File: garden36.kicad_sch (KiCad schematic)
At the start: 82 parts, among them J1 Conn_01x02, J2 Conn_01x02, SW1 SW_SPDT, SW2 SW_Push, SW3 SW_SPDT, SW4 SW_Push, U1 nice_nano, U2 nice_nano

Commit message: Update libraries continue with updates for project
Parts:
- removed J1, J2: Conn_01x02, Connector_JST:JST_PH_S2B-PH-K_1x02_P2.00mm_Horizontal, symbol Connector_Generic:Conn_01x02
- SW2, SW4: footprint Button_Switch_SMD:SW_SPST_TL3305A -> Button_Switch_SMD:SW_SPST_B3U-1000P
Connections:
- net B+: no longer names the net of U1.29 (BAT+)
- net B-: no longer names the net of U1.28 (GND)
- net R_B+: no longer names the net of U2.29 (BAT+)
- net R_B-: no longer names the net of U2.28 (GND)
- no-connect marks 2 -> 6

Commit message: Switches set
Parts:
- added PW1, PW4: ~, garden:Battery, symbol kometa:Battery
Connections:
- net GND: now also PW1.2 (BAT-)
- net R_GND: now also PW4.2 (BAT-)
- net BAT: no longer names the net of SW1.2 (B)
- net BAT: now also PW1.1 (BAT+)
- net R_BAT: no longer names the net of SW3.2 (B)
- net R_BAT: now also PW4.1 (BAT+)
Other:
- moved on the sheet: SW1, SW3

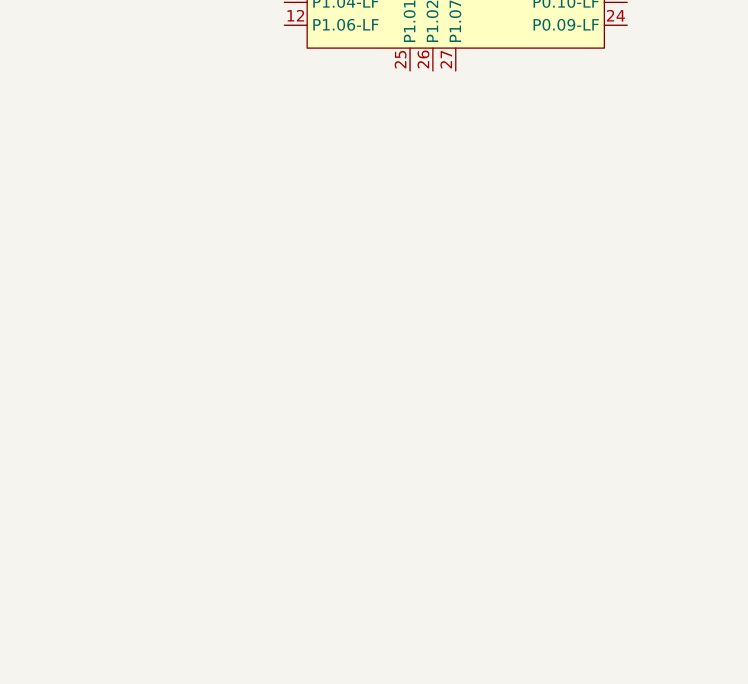
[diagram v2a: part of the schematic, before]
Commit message: Mounting holes for left added
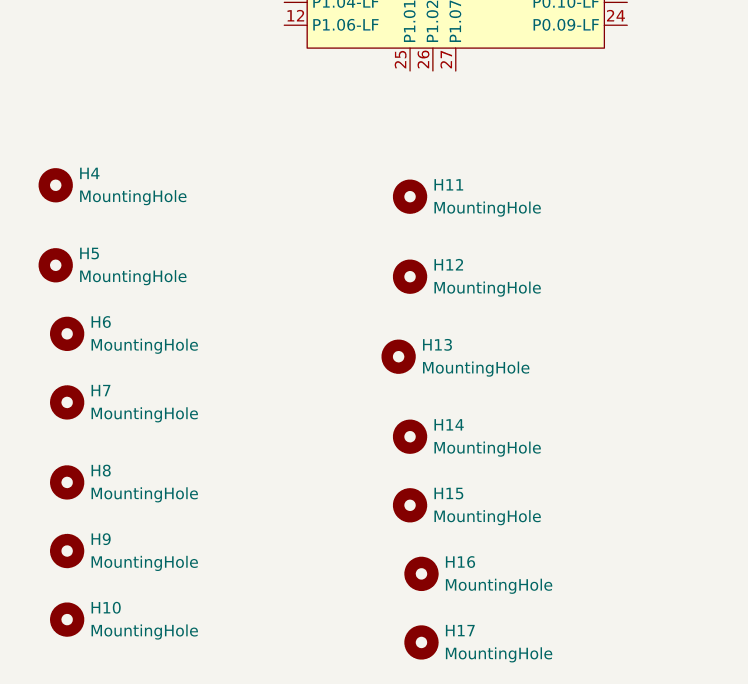
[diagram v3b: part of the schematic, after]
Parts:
- added H10, H11, H12, H13, H14, H15, H16, H17, H4, H5, H6, H7, H8, H9: MountingHole, MountingHole:MountingHole_2.2mm_M2, symbol Mechanical:MountingHole

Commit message: Start adding routes
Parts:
- added MB4, MB5: ~, PCM_marbastlib-various:mousebites_1mm, symbol garden:MouseBites
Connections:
- net COL0: now also U1.7 (P0.22)
- net COL1: now also U1.8 (P0.24)
- net COL2: now also U1.18 (P0.29-LF)
- net COL3: now also U1.19 (P0.02-LF)
- net COL4: now also U1.20 (P1.15-LF)
- net ROW0: now also U1.21 (P1.13-LF)
- net ROW1: now also U1.22 (P1.11-LF)
- net ROW2: now also U1.23 (P0.10-LF)
- net ROW3: now also U1.24 (P0.09-LF)
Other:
- moved on the sheet: H11, H12, H13, H14, H15, H16, H17

[What is expected]
Count the lines of the data that include the string "diagram", and give only that number.

[Result of this task]
2